И все же для него истинным «ковшом душевной глуби» было не детство, а отрочество — может быть, отчасти потому, что, по его собственному признанию, у него все происходило с опозданием. Как писал Честертон, чем выше особь, тем дольше длится ее детство. Подробнее всего о первых сознательных годах рассказано в «Охранной грамоте», написанной в 1930 году, когда сорокалетний автор подводил предварительные итоги неудавшейся, как ему казалось, но от этого не менее прекрасной жизни.

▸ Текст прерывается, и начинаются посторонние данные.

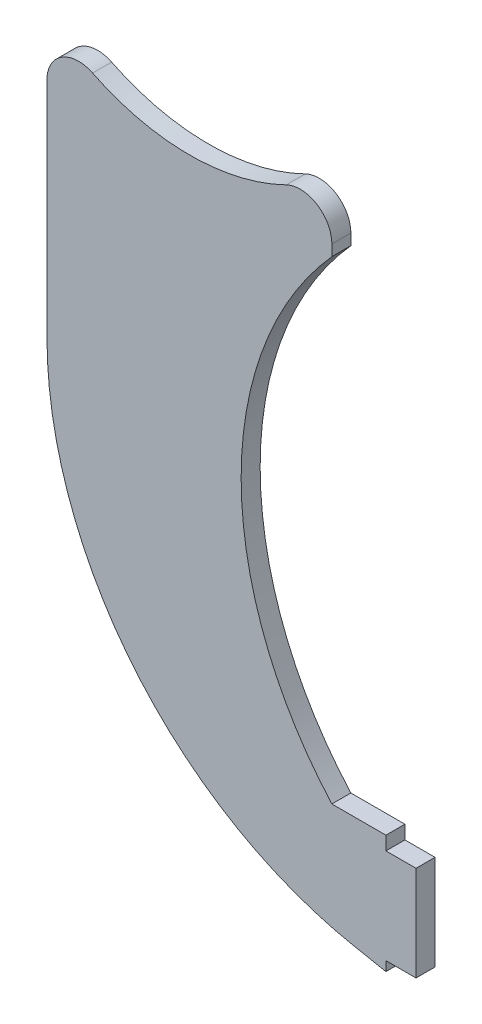
ISO-10303-21;
HEADER;
FILE_DESCRIPTION(('STEP AP214'),'2;1');
FILE_NAME('part.step','',(''),(''),'','','');
FILE_SCHEMA(('AUTOMOTIVE_DESIGN { 1 0 10303 214 1 1 1 1 }'));
ENDSEC;
DATA;
#1=APPLICATION_CONTEXT('core data for automotive mechanical design processes');
#2=APPLICATION_PROTOCOL_DEFINITION('international standard','automotive_design',2000,#1);
#3=PRODUCT_CONTEXT('',#1,'mechanical');
#4=PRODUCT('Part','Part','',(#3));
#5=PRODUCT_RELATED_PRODUCT_CATEGORY('part','',(#4));
#6=PRODUCT_DEFINITION_FORMATION('','',#4);
#7=PRODUCT_DEFINITION_CONTEXT('part definition',#1,'design');
#8=PRODUCT_DEFINITION('design','',#6,#7);
#9=PRODUCT_DEFINITION_SHAPE('','',#8);
#10=(LENGTH_UNIT() NAMED_UNIT(*) SI_UNIT(.MILLI.,.METRE.));
#11=(NAMED_UNIT(*) PLANE_ANGLE_UNIT() SI_UNIT($,.RADIAN.));
#12=(NAMED_UNIT(*) SI_UNIT($,.STERADIAN.) SOLID_ANGLE_UNIT());
#13=UNCERTAINTY_MEASURE_WITH_UNIT(LENGTH_MEASURE(1.E-05),#10,'distance_accuracy_value','');
#14=(GEOMETRIC_REPRESENTATION_CONTEXT(3) GLOBAL_UNCERTAINTY_ASSIGNED_CONTEXT((#13)) GLOBAL_UNIT_ASSIGNED_CONTEXT((#10,
#11,#12)) REPRESENTATION_CONTEXT('',''));
#15=CARTESIAN_POINT('',(0.,0.,0.));
#16=DIRECTION('',(0.,0.,1.));
#17=DIRECTION('',(1.,0.,0.));
#18=AXIS2_PLACEMENT_3D('',#15,#16,#17);
#19=CARTESIAN_POINT('',(-88.6231542313162,-194.789726065518,6.));
#20=DIRECTION('',(0.,1.,0.));
#21=DIRECTION('',(0.,0.,1.));
#22=AXIS2_PLACEMENT_3D('',#19,#20,#21);
#23=PLANE('',#22);
#24=DIRECTION('',(1.,0.,0.));
#25=VECTOR('',#24,1.);
#26=CARTESIAN_POINT('',(-88.6231542313162,-194.789726065518,0.));
#27=LINE('',#26,#25);
#28=CARTESIAN_POINT('',(-88.6231542313162,-194.789726065518,0.));
#29=VERTEX_POINT('',#28);
#30=CARTESIAN_POINT('',(-79.1231542313162,-194.789726065518,0.));
#31=VERTEX_POINT('',#30);
#32=EDGE_CURVE('E166',#29,#31,#27,.T.);
#33=ORIENTED_EDGE('',*,*,#32,.T.);
#34=DIRECTION('',(0.,0.,-1.));
#35=VECTOR('',#34,1.);
#36=CARTESIAN_POINT('',(-79.1231542313162,-194.789726065518,6.));
#37=LINE('',#36,#35);
#38=CARTESIAN_POINT('',(-79.1231542313162,-194.789726065518,6.));
#39=VERTEX_POINT('',#38);
#40=EDGE_CURVE('E145',#39,#31,#37,.T.);
#41=ORIENTED_EDGE('',*,*,#40,.F.);
#42=DIRECTION('',(1.,0.,0.));
#43=VECTOR('',#42,1.);
#44=CARTESIAN_POINT('',(-88.6231542313162,-194.789726065518,6.));
#45=LINE('',#44,#43);
#46=CARTESIAN_POINT('',(-88.6231542313162,-194.789726065518,6.));
#47=VERTEX_POINT('',#46);
#48=EDGE_CURVE('E153',#47,#39,#45,.T.);
#49=ORIENTED_EDGE('',*,*,#48,.F.);
#50=DIRECTION('',(0.,0.,-1.));
#51=VECTOR('',#50,1.);
#52=CARTESIAN_POINT('',(-88.6231542313162,-194.789726065518,6.));
#53=LINE('',#52,#51);
#54=EDGE_CURVE('E225',#47,#29,#53,.T.);
#55=ORIENTED_EDGE('',*,*,#54,.T.);
#56=EDGE_LOOP('',(#33,#41,#49,#55));
#57=FACE_BOUND('',#56,.T.);
#58=ADVANCED_FACE('F39',(#57),#23,.F.);
#59=CARTESIAN_POINT('',(-79.1231542313162,-194.789726065518,6.));
#60=DIRECTION('',(-1.,0.,0.));
#61=DIRECTION('',(0.,-1.,0.));
#62=AXIS2_PLACEMENT_3D('',#59,#60,#61);
#63=PLANE('',#62);
#64=DIRECTION('',(0.,1.,0.));
#65=VECTOR('',#64,1.);
#66=CARTESIAN_POINT('',(-79.1231542313162,-194.789726065518,0.));
#67=LINE('',#66,#65);
#68=CARTESIAN_POINT('',(-79.1231542313162,-164.789726065518,0.));
#69=VERTEX_POINT('',#68);
#70=EDGE_CURVE('E272',#31,#69,#67,.T.);
#71=ORIENTED_EDGE('',*,*,#70,.T.);
#72=DIRECTION('',(0.,0.,-1.));
#73=VECTOR('',#72,1.);
#74=CARTESIAN_POINT('',(-79.1231542313162,-164.789726065518,6.));
#75=LINE('',#74,#73);
#76=CARTESIAN_POINT('',(-79.1231542313162,-164.789726065518,6.));
#77=VERTEX_POINT('',#76);
#78=EDGE_CURVE('E148',#77,#69,#75,.T.);
#79=ORIENTED_EDGE('',*,*,#78,.F.);
#80=DIRECTION('',(0.,1.,0.));
#81=VECTOR('',#80,1.);
#82=CARTESIAN_POINT('',(-79.1231542313162,-194.789726065518,6.));
#83=LINE('',#82,#81);
#84=EDGE_CURVE('E141',#39,#77,#83,.T.);
#85=ORIENTED_EDGE('',*,*,#84,.F.);
#86=ORIENTED_EDGE('',*,*,#40,.T.);
#87=EDGE_LOOP('',(#71,#79,#85,#86));
#88=FACE_BOUND('',#87,.T.);
#89=ADVANCED_FACE('F143',(#88),#63,.F.);
#90=CARTESIAN_POINT('',(-79.1231542313162,-164.789726065518,6.));
#91=DIRECTION('',(0.,-1.,0.));
#92=DIRECTION('',(0.,0.,-1.));
#93=AXIS2_PLACEMENT_3D('',#90,#91,#92);
#94=PLANE('',#93);
#95=DIRECTION('',(-1.,0.,0.));
#96=VECTOR('',#95,1.);
#97=CARTESIAN_POINT('',(-79.1231542313162,-164.789726065518,0.));
#98=LINE('',#97,#96);
#99=CARTESIAN_POINT('',(-88.6231542313162,-164.789726065518,0.));
#100=VERTEX_POINT('',#99);
#101=EDGE_CURVE('E264',#69,#100,#98,.T.);
#102=ORIENTED_EDGE('',*,*,#101,.T.);
#103=DIRECTION('',(0.,0.,-1.));
#104=VECTOR('',#103,1.);
#105=CARTESIAN_POINT('',(-88.6231542313162,-164.789726065518,6.));
#106=LINE('',#105,#104);
#107=CARTESIAN_POINT('',(-88.6231542313162,-164.789726065518,6.));
#108=VERTEX_POINT('',#107);
#109=EDGE_CURVE('E175',#108,#100,#106,.T.);
#110=ORIENTED_EDGE('',*,*,#109,.F.);
#111=DIRECTION('',(-1.,0.,0.));
#112=VECTOR('',#111,1.);
#113=CARTESIAN_POINT('',(-79.1231542313162,-164.789726065518,6.));
#114=LINE('',#113,#112);
#115=EDGE_CURVE('E152',#77,#108,#114,.T.);
#116=ORIENTED_EDGE('',*,*,#115,.F.);
#117=ORIENTED_EDGE('',*,*,#78,.T.);
#118=EDGE_LOOP('',(#102,#110,#116,#117));
#119=FACE_BOUND('',#118,.T.);
#120=ADVANCED_FACE('F306',(#119),#94,.F.);
#121=CARTESIAN_POINT('',(-88.6231542313162,-164.789726065518,6.));
#122=DIRECTION('',(-1.,0.,0.));
#123=DIRECTION('',(0.,0.,1.));
#124=AXIS2_PLACEMENT_3D('',#121,#122,#123);
#125=PLANE('',#124);
#126=DIRECTION('',(0.,1.,0.));
#127=VECTOR('',#126,1.);
#128=CARTESIAN_POINT('',(-88.6231542313162,-164.789726065518,0.));
#129=LINE('',#128,#127);
#130=CARTESIAN_POINT('',(-88.6231542313162,-160.486992519924,0.));
#131=VERTEX_POINT('',#130);
#132=EDGE_CURVE('E259',#100,#131,#129,.T.);
#133=ORIENTED_EDGE('',*,*,#132,.T.);
#134=DIRECTION('',(0.,0.,-1.));
#135=VECTOR('',#134,1.);
#136=CARTESIAN_POINT('',(-88.6231542313162,-160.486992519924,6.));
#137=LINE('',#136,#135);
#138=CARTESIAN_POINT('',(-88.6231542313162,-160.486992519924,6.));
#139=VERTEX_POINT('',#138);
#140=EDGE_CURVE('E248',#139,#131,#137,.T.);
#141=ORIENTED_EDGE('',*,*,#140,.F.);
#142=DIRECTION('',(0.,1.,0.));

Среди событий, ярче всего запомнившихся одиннадцатилетнему Пастернаку,— парад дагомейских амазонок в Зоологическом саду. Дагомея (ныне Бенин, в 1900—1975 годах французская колония) — африканское государство, король которого путешествовал под охраной из восьмисот женщин, давших обет безбрачия. Дагомейских амазонок показывали в Москве в Зоологическом саду в апреле 1901 года, во время пасхальных гуляний. Сам Пастернак в «Грамоте» рассказывает об этом ярчайшем эротическом впечатлении детства так:

«Первое ощущенье женщины связалось у меня с ощущеньем обнаженного строя, сомкнутого страданья, тропического парада под барабан. Раньше, чем надо, стал я невольником форм, потому что слишком рано увидел на них форму невольниц».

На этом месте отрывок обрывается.